- [Action item] Each line below from the one containing "Clock : Clock" through the one containing "y0 = y(tstep);" is to be given again exactly, and no line outside that span.

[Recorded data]
============================================================
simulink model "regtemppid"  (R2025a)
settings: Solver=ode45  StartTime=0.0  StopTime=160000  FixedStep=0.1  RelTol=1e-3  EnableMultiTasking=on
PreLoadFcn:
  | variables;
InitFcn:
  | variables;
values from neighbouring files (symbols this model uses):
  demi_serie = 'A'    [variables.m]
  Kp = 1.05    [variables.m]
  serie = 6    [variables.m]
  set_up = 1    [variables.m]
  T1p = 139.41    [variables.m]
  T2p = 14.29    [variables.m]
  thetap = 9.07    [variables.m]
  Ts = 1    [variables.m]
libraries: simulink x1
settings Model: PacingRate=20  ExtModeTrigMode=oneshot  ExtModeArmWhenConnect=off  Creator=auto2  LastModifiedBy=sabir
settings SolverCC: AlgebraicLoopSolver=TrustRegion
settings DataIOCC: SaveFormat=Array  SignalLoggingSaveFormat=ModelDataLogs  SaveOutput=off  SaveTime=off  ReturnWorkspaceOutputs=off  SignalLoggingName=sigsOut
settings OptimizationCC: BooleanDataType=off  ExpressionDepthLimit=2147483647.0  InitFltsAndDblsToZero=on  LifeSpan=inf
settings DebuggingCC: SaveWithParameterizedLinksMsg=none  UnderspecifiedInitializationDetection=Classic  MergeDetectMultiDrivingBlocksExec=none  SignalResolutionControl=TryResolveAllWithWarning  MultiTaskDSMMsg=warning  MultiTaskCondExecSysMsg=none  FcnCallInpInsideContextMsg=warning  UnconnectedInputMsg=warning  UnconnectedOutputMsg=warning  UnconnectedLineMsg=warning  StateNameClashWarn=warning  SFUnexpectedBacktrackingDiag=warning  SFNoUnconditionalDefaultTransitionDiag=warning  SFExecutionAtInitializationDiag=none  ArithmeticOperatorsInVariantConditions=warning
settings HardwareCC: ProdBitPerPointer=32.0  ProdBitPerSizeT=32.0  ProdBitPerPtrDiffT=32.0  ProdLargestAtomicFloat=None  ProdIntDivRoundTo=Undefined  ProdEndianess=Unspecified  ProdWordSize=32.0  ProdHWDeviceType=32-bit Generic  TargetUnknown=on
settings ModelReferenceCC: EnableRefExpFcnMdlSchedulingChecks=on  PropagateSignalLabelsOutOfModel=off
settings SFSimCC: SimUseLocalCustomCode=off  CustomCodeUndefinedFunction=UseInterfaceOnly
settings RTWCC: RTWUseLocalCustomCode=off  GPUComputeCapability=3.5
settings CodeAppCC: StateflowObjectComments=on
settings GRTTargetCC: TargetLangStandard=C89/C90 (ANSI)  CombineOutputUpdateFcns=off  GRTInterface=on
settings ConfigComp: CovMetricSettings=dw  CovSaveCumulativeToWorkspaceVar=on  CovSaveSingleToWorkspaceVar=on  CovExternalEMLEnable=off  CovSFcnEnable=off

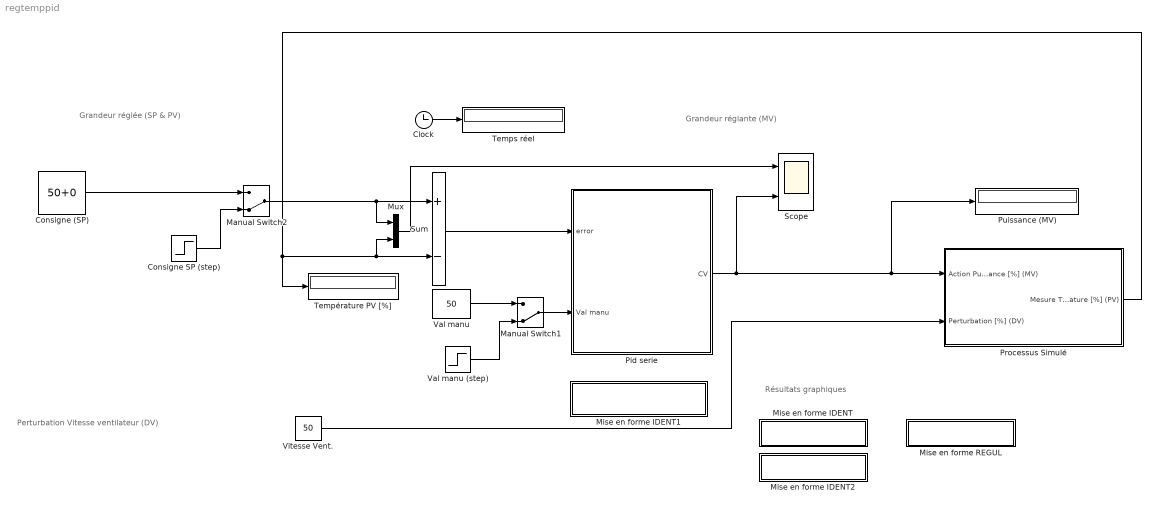
== system regtemppid ==
  note: Grandeur réglante (MV)
  note: Grandeur réglée (SP & PV)
  note: Perturbation Vitesse ventilateur (DV)
  note: Résultats graphiques
  Clock : Clock
      settings: StartFcn=simu(1).bloc_clock='labo'
  Consigne (SP) : Constant  StartFcn=simu(1,1).bloc_SP='labo'  Value=50+0
  Consigne SP (step) : Step  StartFcn=simu(1).bloc_Step_SP='labo'  Time=700  Before=45  After=55  SampleTime=0
  Manual Switch1 : ManualSwitch  CurrentSetting=0
  Manual Switch2 : ManualSwitch  CurrentSetting=0
  Mise en forme IDENT : Subsystem
      settings: OpenFcn=|
      | t=Scope_PID.time;A=[Scope_PID.signals.values];
      | y=A(:,2);u=A(:,3);
      | subplot(211)
      | plot(t,u,'black');
      | title('MV [%]')
      | subplot(212)
      | plot(t,y,'black');
      | title('PV [%]')
      | grid;figure(gcf)
      | 
      | 
      | 
      | tstep=find(diff(u)~=0);
      | tstep=tstep(end); % take last change
      | 
      | tm=t(tstep:end);
      | tm=tm-t(tstep);
      | um=u(tstep:end);
      | um=um-um(1);
      | ym=y(tstep:end);
      | ym=ym-ym(1);
      | 
      | y0 = y(tstep);
      | du = u(end)-u(tstep);
      mask Display: disp('Mise en forme IDENT')
  Mise en forme IDENT1 : Subsystem
      settings: OpenFcn=|
      | string_PID = get_param(bdroot, 'Name');
      | 
      | AMbit=3-length(get_param([string_PID '/Pid serie'],'AMbit'));
      | 
      | if AMbit==1,
      | set_param([string_PID '/Pid serie'],'AMbit','off');
      | AMbit=0;
      | elseif AMbit==0,
      | set_param([string_PID '/Pid serie'],'AMbit','on');
      | AMbit=1;
      | end
      | 
      | 
      | if AMbit==1,
      | 	set_param([string_PID '/Pid serie'],'BackgroundColor','red');
      | 	set_param([string_PID '/Pid serie'],'MaskDisplay','disp(''  PID \n [AUTO]'')');
      | end
      | if AMbit==0,
      | 	set_param([string_PID '/Pid serie'],'BackgroundColor','lightblue');
      | 	set_param([string_PID '/Pid serie'],'MaskDisplay','disp(''  PID \n [MANU]'')');
      | end
      mask Display: disp('Manu <->Auto')
  Mise en forme IDENT2 : Subsystem
      settings: OpenFcn=idoptregtemppidvdg;
      mask Display: disp('IDENT OPT VDG')
  Mise en forme REGUL : Subsystem
      settings: OpenFcn=|
      | t=Scope_PID.time;
      | A=[Scope_PID.signals.values];
      | ysp=A(:,1);
      | u=A(:,3);
      | y=A(:,2);
      | index=min(find(diff(ysp)))-99;
      | subplot(211);
      | y=y(index:end);
      | ysp=ysp(index:end);
      | t=t(index:end);
      | u=u(index:end);
      | plot(t,y,'black',t,ysp,'black');
      | grid;
      | title('PV [%] et SP [%]');
      | subplot(212),
      | plot(t,u,'black');
      | grid;
      | figure(gcf);
      | title('MV [%]')
      mask Display: disp('Mise en forme REGUL');
  Mux : Mux  Inputs=2
  Pid serie : Subsystem  StartFcn=simu(1).bloc_PID='labo'  mask{k=4.82, ti=168, td=10, tf=1, X0=50, lh=100, ll=0, AMbit=on}
      mask prompts: k "Gain"; ti "Temps d'intégration"; td "Temps de dérivation"; tf "Temps de filtrage"; X0 "Valeur initiale de la sortie"; lh "Limite Haute"; ll "Limite basse"; AMbit "Auto [v] / Manu [ ]"
      mask init:
      | string_PID = get_param(bdroot, 'Name');
      | 
      | AMbit=3-length(get_param([string_PID '/Pid serie'],'AMbit'));
      | if AMbit==1,
      | 	set_param([string_PID '/Pid serie'],'BackgroundColor','red');
      | 	set_param([string_PID '/Pid serie'],'MaskDisplay','disp(''  PID \n [AUTO]'')');
      | end
      | if AMbit==0, 
      | 	set_param([string_PID '/Pid serie'],'BackgroundColor','lightblue');
      | 	set_param([string_PID '/Pid serie'],'MaskDisplay','disp(''  PID \n [MANU]'')');
      | end
      mask Display: disp('  PID \n [AUTO]')
  Processus Simulé : Subsystem  StartFcn=simu(1).bloc_Process='labo'  mask{set_up=set_up, serie=serie, demi_serie=demi_serie}
      mask prompts: serie "Série"; demi_serie "Demi série"
      mask init:
      | %%%%%%%%%%%%%%%%%%%%%%%%%%%%%%%%%
      | 
      | switch set_up
      |    case 1
      |         Kd = -0.64;
      |         T1d = 81.54;
      |         T2d = 18.9;
      |         thetad = 12.49;
      |    case 2
      |         Kd = -0.43;
      |         T1d = 34.66;
      |         T2d = 1.13;
      |         thetad = 6.08; 
      |     case 3
      |         Kd = -0.34;
      |         T1d = 82.52;
      |         T2d = 20.99;
      |         thetad = 8.42;  
      | end
      | 
      | if (demi_serie == 'A')
      |     dserie = 1;
      | else
      |     dserie = 5;
      | end    
      | 
      | seed = str2num([num2str(serie) num2str(serie) num2str(dserie) num2str(set_up)]);
      | 
      | rng(seed)
      | x1 = (rand - 1)/5;
      | rng(seed+1)
      | x2 = (rand - 1)/5;
      | rng(seed+2)
      | x3 = (rand - 1)/5;
      | rng(seed+3)
      | x4 = (rand - 1)/5;
      | 
      | Kd = Kd*(1+x1);
      | T1d = T1d*(1+x2);
      | T2d = T2d*(1+x3);
      | thetad =thetad*(1+x4);
  Puissance (MV) : Display
      settings: StartFcn=simu(1).bloc_display_MV='labo'
  Scope : Scope  NumInputPorts=2
      settings: StartFcn=simu(1).bloc_display_scope='labo'  SampleTime=Ts  TimeSpan=1600  Title=SP [%] et PV [%]  ActiveDisplayYMinimum=-7.94952  ActiveDisplayYMaximum=71.54565  DataLoggingMaxPoints=25000  DataLoggingVariableName=Scope_PID
  Sum : Sum  Inputs=+-  InputSameDT=on  SaturateOnIntegerOverflow=on  OutDataTypeStr=Inherit: Same as first input
  Temps réel : Display
      settings: StartFcn=simu(1).bloc_display_clock='labo'
  Température PV [%] : Display
      settings: StartFcn=simu(1).bloc_Display_PV='labo'
  Val manu : Constant  StartFcn=simu(1).bloc_MV='labo'  Value=50
  Val manu (step) : Step  StartFcn=simu(1).bloc_Step_MV='labo'  Time=700  Before=50  After=60  SampleTime=0
  Vitesse Vent. : Constant  StartFcn=simu(1).bloc_DV='labo'  Value=50
  wires:
  Processus Simulé/1(Mesure Température [%] (PV)) -> Température PV [%]/1, Sum/2, Mux/2
  Manual Switch2/1 -> Sum/1, Mux/1
  Sum/1 -> Pid serie/1(error)
  Pid serie/1(CV) -> Processus Simulé/1(Action Puissance [%] (MV)), Puissance (MV)/1, Scope/2
  Vitesse Vent./1 -> Processus Simulé/2(Perturbation [%] (DV))
  Mux/1 -> Scope/1
  Clock/1 -> Temps réel/1
  Val manu (step)/1 -> Manual Switch1/2
  Val manu/1 -> Manual Switch1/1
  Manual Switch1/1 -> Pid serie/2(Val manu)
  Consigne SP (step)/1 -> Manual Switch2/2
  Consigne (SP)/1 -> Manual Switch2/1

== system regtemppid/Mise en forme IDENT ==

== system regtemppid/Mise en forme IDENT1 ==

== system regtemppid/Mise en forme IDENT2 ==

== system regtemppid/Mise en forme REGUL ==

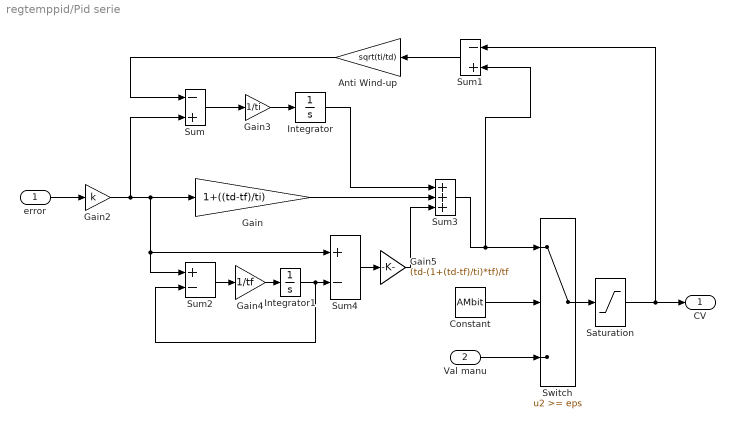
== system regtemppid/Pid serie ==
  error : Inport
  Val manu : Inport  Port=2
  Anti Wind-up : Gain  Gain=sqrt(ti/td)  SaturateOnIntegerOverflow=on  OutDataTypeStr=Inherit: Same as input  ParamDataTypeStr=Inherit: Same as input
  Constant : Constant  Value=AMbit
  Gain : Gain  Gain=1+((td-tf)/ti)  SaturateOnIntegerOverflow=on  OutDataTypeStr=Inherit: Same as input  ParamDataTypeStr=Inherit: Same as input
  Gain2 : Gain  Gain=k  SaturateOnIntegerOverflow=on  OutDataTypeStr=Inherit: Same as input  ParamDataTypeStr=Inherit: Same as input
  Gain3 : Gain  Gain=1/ti  SaturateOnIntegerOverflow=on  OutDataTypeStr=Inherit: Same as input  ParamDataTypeStr=Inherit: Same as input
  Gain4 : Gain  Gain=1/tf  SaturateOnIntegerOverflow=on  OutDataTypeStr=Inherit: Same as input  ParamDataTypeStr=Inherit: Same as input
  Gain5 : Gain  Gain=(td-(1+(td-tf)/ti)*tf)/tf  SaturateOnIntegerOverflow=on  OutDataTypeStr=Inherit: Same as input  ParamDataTypeStr=Inherit: Same as input
  Integrator : Integrator  InitialCondition=X0
  Integrator1 : Integrator
  Saturation : Saturate  UpperLimit=lh  LowerLimit=ll
  Sum : Sum  Inputs=-+  InputSameDT=on  SaturateOnIntegerOverflow=on  OutDataTypeStr=Inherit: Same as first input
  Sum1 : Sum  Inputs=-+  InputSameDT=on  SaturateOnIntegerOverflow=on  OutDataTypeStr=Inherit: Same as first input
  Sum2 : Sum  Inputs=+-  InputSameDT=on  SaturateOnIntegerOverflow=on  OutDataTypeStr=Inherit: Same as first input
  Sum3 : Sum  Inputs=+++  InputSameDT=on  SaturateOnIntegerOverflow=on  OutDataTypeStr=Inherit: Same as first input
  Sum4 : Sum  Inputs=+-  InputSameDT=on  SaturateOnIntegerOverflow=on  OutDataTypeStr=Inherit: Same as first input
  Switch : Switch  Threshold=eps
  CV : Outport
  wires:
  Saturation/1 -> Sum1/1, CV/1
  Switch/1 -> Saturation/1
  Val manu/1 -> Switch/3
  Constant/1 -> Switch/2
  error/1 -> Gain2/1
  Sum1/1 -> Anti Wind-up/1
  Anti Wind-up/1 -> Sum/1
  Sum3/1 -> Switch/1, Sum1/2
  Sum/1 -> Gain3/1
  Gain2/1 -> Sum/2, Gain/1, Sum2/1, Sum4/1
  Gain/1 -> Sum3/2
  Gain3/1 -> Integrator/1
  Integrator/1 -> Sum3/1
  Sum2/1 -> Gain4/1
  Gain4/1 -> Integrator1/1
  Sum4/1 -> Gain5/1
  Integrator1/1 -> Sum4/2, Sum2/2
  Gain5/1 -> Sum3/3

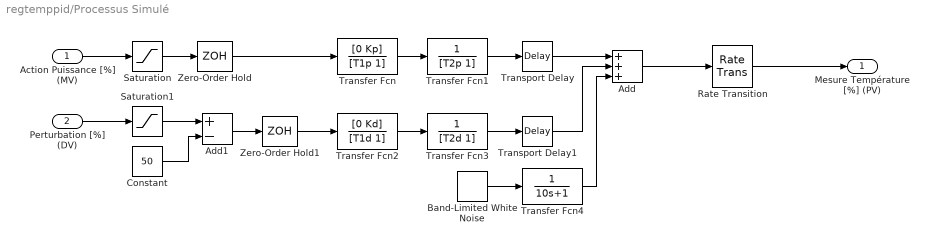
== system regtemppid/Processus Simulé ==
  Action Puissance [%] (MV) : Inport
  Perturbation [%] (DV) : Inport  Port=2
  Add : Sum  Inputs=+++
  Add1 : Sum  Inputs=+-
  Band-Limited White Noise : simulink/Sources/Band-Limited White Noise  Cov=[0.1]  Ts=Ts  seed=[23341]
  Constant : Constant  Value=50  SampleTime=Inf
  Rate Transition : RateTransition  OutPortSampleTime=Ts
  Saturation : Saturate  UpperLimit=100  LowerLimit=0
  Saturation1 : Saturate  UpperLimit=100  LowerLimit=0
  Transfer Fcn : TransferFcn  Numerator=[0 Kp]  Denominator=[T1p 1]
  Transfer Fcn1 : TransferFcn  Numerator=[0 1]  Denominator=[T2p 1]
  Transfer Fcn2 : TransferFcn  Numerator=[0 Kd]  Denominator=[T1d 1]
  Transfer Fcn3 : TransferFcn  Numerator=[0 1]  Denominator=[T2d 1]
  Transfer Fcn4 : TransferFcn  Numerator=[0 1]  Denominator=[10 1]
  Transport Delay : TransportDelay  DelayTime=thetap
  Transport Delay1 : TransportDelay  DelayTime=thetad
  Zero-Order Hold : ZeroOrderHold  SampleTime=Ts
  Zero-Order Hold1 : ZeroOrderHold  SampleTime=Ts
  Mesure Température [%] (PV) : Outport
  wires:
  Transfer Fcn/1 -> Transfer Fcn1/1
  Transfer Fcn1/1 -> Transport Delay/1
  Transport Delay/1 -> Add/1
  Constant/1 -> Add1/2
  Transfer Fcn2/1 -> Transfer Fcn3/1
  Transfer Fcn3/1 -> Transport Delay1/1
  Add1/1 -> Zero-Order Hold1/1
  Add/1 -> Rate Transition/1
  Zero-Order Hold/1 -> Transfer Fcn/1
  Saturation1/1 -> Add1/1
  Saturation/1 -> Zero-Order Hold/1
  Transport Delay1/1 -> Add/2
  Zero-Order Hold1/1 -> Transfer Fcn2/1
  Action Puissance [%] (MV)/1 -> Saturation/1
  Perturbation [%] (DV)/1 -> Saturation1/1
  Rate Transition/1 -> Mesure Température [%] (PV)/1
  Band-Limited White Noise/1 -> Transfer Fcn4/1
  Transfer Fcn4/1 -> Add/3
============================================================
- [Response area]
  Clock : Clock
      settings: StartFcn=simu(1).bloc_clock='labo'
  Consigne (SP) : Constant  StartFcn=simu(1,1).bloc_SP='labo'  Value=50+0
  Consigne SP (step) : Step  StartFcn=simu(1).bloc_Step_SP='labo'  Time=700  Before=45  After=55  SampleTime=0
  Manual Switch1 : ManualSwitch  CurrentSetting=0
  Manual Switch2 : ManualSwitch  CurrentSetting=0
  Mise en forme IDENT : Subsystem
      settings: OpenFcn=|
      | t=Scope_PID.time;A=[Scope_PID.signals.values];
      | y=A(:,2);u=A(:,3);
      | subplot(211)
      | plot(t,u,'black');
      | title('MV [%]')
      | subplot(212)
      | plot(t,y,'black');
      | title('PV [%]')
      | grid;figure(gcf)
      | 
      | 
      | 
      | tstep=find(diff(u)~=0);
      | tstep=tstep(end); % take last change
      | 
      | tm=t(tstep:end);
      | tm=tm-t(tstep);
      | um=u(tstep:end);
      | um=um-um(1);
      | ym=y(tstep:end);
      | ym=ym-ym(1);
      | 
      | y0 = y(tstep);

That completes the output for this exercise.